THE PROBLEM:
Scan the entries below for the word "COTAS". Copy out every line in which it occurs.
*** Opening RAW DATA ***
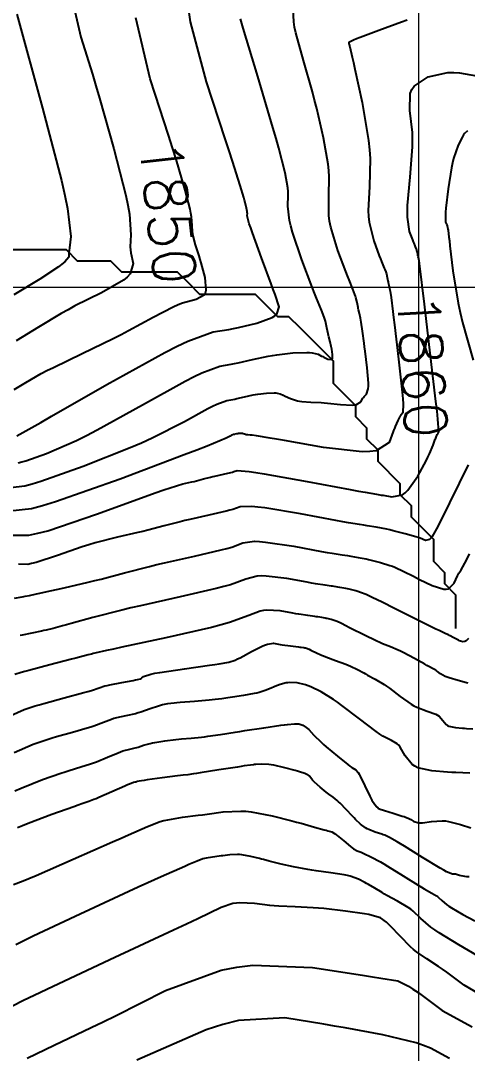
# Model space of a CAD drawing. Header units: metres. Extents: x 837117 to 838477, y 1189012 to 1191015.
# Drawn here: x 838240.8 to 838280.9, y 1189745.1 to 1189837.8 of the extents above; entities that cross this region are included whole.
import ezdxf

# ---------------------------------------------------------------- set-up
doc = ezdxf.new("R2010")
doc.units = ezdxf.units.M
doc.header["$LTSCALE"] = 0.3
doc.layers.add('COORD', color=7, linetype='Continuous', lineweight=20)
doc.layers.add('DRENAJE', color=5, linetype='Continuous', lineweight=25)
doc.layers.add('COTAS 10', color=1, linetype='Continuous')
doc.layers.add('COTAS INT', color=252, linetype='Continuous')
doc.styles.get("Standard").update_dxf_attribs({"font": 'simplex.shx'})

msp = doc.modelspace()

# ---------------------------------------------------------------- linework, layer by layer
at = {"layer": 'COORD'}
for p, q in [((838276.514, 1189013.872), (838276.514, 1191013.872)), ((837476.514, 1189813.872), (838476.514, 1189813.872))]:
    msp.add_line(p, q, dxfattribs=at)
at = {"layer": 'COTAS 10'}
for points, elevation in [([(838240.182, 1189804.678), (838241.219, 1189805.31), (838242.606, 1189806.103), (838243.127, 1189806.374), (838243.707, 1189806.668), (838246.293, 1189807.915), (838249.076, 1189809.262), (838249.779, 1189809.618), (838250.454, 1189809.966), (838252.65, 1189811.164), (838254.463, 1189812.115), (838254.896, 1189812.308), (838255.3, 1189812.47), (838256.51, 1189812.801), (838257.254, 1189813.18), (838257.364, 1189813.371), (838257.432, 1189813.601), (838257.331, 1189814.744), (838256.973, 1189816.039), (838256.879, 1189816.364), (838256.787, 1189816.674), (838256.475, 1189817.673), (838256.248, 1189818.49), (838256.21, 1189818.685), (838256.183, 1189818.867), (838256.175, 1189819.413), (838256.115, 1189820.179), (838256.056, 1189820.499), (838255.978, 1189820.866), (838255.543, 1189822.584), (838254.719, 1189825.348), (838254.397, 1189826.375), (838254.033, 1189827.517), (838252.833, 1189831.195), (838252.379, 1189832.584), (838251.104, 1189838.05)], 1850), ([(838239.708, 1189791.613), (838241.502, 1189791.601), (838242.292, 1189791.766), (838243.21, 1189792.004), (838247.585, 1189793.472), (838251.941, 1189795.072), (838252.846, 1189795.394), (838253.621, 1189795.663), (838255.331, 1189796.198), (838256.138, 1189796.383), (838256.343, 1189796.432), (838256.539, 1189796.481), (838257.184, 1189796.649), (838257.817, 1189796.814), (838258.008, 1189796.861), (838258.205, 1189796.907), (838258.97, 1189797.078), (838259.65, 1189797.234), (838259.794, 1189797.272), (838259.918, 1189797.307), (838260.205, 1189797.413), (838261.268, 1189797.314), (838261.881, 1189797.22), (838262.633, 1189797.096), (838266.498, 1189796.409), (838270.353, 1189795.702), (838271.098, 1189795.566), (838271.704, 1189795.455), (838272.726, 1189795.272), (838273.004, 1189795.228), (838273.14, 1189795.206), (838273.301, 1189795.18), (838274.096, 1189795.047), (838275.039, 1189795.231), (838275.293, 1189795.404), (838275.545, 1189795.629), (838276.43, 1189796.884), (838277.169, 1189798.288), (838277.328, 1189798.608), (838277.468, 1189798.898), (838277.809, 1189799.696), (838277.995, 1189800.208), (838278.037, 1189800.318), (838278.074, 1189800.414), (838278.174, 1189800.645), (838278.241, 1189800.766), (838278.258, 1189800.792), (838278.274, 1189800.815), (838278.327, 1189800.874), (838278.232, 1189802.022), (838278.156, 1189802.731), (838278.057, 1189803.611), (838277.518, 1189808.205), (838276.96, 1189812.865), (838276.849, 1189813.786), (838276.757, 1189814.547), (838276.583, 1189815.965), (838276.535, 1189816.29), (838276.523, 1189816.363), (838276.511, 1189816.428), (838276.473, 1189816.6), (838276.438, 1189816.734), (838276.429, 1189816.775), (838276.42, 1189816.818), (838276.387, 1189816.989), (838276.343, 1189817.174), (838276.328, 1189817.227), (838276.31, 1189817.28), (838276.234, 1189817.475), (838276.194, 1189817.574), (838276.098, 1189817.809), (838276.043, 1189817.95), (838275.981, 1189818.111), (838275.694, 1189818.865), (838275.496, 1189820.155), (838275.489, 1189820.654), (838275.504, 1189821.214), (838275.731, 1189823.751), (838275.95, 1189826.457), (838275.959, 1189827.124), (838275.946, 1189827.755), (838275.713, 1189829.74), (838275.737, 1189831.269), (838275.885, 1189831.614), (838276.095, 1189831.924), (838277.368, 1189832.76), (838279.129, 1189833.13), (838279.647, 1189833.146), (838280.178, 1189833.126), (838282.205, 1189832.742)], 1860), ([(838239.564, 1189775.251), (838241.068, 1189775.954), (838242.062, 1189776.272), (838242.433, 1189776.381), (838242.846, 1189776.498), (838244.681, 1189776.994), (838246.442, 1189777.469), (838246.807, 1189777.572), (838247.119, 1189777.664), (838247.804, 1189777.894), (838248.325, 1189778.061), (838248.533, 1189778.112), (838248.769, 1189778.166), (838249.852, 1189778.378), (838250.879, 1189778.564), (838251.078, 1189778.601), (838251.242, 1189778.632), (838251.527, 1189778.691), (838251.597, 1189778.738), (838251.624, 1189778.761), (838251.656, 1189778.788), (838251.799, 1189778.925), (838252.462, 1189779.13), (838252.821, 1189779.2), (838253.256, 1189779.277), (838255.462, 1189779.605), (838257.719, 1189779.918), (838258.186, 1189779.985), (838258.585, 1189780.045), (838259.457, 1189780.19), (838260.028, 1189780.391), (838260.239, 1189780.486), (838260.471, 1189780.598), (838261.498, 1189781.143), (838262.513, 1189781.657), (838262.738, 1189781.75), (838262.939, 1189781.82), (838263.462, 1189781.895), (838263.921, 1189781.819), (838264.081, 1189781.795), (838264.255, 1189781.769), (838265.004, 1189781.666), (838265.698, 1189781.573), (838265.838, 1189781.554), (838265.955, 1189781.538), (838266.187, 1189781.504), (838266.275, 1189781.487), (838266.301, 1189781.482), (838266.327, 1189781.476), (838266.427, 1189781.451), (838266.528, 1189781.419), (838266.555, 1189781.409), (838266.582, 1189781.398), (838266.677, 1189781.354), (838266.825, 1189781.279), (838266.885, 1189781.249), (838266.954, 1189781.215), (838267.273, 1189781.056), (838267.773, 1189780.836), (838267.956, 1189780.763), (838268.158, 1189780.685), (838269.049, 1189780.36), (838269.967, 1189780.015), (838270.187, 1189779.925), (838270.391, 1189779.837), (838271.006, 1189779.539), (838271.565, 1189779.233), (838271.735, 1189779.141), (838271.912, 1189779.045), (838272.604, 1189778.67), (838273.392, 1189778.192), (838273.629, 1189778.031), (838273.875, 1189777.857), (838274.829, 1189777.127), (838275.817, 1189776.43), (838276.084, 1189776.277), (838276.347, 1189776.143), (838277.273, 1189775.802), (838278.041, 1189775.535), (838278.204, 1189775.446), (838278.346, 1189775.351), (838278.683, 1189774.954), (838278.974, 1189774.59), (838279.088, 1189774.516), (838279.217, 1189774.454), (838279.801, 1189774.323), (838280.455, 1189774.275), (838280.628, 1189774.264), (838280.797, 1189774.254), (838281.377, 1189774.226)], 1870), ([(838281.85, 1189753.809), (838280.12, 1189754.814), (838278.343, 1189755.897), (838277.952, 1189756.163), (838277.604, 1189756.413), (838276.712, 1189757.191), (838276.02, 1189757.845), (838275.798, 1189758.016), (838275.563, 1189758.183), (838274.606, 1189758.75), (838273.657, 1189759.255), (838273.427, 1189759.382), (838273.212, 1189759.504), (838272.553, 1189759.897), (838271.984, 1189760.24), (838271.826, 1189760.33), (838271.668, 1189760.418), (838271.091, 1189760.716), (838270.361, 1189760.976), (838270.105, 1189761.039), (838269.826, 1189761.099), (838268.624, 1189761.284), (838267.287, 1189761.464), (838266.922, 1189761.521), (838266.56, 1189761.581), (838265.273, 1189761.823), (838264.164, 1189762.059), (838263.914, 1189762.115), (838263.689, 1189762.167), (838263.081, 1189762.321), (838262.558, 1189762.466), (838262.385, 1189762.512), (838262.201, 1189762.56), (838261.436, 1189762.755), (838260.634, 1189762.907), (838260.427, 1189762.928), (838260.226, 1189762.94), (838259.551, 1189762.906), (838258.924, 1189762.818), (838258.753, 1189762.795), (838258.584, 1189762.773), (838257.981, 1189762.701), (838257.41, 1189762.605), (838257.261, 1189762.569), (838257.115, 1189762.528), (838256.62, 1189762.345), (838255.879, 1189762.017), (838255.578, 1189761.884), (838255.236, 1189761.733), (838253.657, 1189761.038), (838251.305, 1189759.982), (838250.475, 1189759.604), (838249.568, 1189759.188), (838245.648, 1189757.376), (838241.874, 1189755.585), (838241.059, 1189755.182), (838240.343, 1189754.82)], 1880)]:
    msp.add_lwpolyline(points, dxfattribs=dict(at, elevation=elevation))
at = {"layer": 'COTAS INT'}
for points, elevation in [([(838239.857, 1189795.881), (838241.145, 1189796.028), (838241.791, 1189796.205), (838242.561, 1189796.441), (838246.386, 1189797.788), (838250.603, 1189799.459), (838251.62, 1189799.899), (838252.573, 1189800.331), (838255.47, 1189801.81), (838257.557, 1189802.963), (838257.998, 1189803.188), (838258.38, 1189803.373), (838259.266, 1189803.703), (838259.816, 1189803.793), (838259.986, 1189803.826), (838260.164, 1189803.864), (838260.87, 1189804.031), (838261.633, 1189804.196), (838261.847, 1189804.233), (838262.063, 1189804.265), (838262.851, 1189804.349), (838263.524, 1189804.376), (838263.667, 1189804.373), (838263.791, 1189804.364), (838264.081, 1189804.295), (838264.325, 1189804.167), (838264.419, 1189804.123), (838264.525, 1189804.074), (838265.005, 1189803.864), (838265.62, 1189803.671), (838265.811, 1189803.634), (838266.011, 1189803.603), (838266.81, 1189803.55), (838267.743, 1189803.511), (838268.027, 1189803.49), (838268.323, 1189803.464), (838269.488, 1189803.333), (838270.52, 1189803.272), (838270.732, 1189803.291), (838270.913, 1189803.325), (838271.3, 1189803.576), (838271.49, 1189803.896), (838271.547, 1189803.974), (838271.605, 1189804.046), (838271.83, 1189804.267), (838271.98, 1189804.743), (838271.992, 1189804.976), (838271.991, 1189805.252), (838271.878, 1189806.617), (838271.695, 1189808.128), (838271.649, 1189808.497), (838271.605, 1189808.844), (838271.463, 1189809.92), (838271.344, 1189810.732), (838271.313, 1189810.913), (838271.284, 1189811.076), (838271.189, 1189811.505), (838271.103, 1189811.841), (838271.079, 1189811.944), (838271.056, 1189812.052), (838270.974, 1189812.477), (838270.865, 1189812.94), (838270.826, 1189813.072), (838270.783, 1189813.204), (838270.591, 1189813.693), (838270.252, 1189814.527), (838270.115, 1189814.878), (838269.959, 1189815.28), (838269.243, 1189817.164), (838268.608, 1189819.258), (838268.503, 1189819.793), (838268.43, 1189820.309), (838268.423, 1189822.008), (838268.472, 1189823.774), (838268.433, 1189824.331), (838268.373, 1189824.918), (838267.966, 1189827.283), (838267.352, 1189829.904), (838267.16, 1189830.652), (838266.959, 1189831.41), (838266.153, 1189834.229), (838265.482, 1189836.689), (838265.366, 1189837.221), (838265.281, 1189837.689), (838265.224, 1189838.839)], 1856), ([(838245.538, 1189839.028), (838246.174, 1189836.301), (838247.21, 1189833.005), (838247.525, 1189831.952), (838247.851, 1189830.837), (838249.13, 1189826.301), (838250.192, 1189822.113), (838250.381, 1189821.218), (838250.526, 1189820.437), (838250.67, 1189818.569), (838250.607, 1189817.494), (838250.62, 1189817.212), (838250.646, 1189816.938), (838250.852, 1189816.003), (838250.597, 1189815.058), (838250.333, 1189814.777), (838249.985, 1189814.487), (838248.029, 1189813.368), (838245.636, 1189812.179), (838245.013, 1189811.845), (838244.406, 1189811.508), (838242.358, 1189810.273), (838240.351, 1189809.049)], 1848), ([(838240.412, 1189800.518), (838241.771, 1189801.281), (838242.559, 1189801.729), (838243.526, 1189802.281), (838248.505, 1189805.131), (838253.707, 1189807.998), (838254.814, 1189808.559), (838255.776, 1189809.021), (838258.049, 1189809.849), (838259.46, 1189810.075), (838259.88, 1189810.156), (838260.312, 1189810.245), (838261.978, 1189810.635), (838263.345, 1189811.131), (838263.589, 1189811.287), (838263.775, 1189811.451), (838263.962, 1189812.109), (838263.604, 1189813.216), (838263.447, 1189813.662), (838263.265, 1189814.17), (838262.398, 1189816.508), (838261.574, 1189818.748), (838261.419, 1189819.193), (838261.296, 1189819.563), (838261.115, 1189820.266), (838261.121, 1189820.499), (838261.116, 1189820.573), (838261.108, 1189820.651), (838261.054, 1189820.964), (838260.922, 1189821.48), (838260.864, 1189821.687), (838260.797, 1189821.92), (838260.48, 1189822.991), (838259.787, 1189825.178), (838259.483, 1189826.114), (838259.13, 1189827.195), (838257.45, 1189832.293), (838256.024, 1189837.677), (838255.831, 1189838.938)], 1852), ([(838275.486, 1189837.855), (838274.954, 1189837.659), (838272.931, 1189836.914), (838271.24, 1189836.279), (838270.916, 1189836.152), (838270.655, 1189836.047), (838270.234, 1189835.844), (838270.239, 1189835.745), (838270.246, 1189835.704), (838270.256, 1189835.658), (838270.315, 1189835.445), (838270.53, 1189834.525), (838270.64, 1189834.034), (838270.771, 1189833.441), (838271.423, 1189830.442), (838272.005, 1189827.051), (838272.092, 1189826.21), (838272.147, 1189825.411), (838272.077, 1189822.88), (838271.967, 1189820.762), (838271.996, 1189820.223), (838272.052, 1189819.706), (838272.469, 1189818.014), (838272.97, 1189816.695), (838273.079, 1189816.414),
*** Closing RAW DATA ***
TASK ANSWER:
doc.layers.add('COTAS 10', color=1, linetype='Continuous')
doc.layers.add('COTAS INT', color=252, linetype='Continuous')
at = {"layer": 'COTAS 10'}
at = {"layer": 'COTAS INT'}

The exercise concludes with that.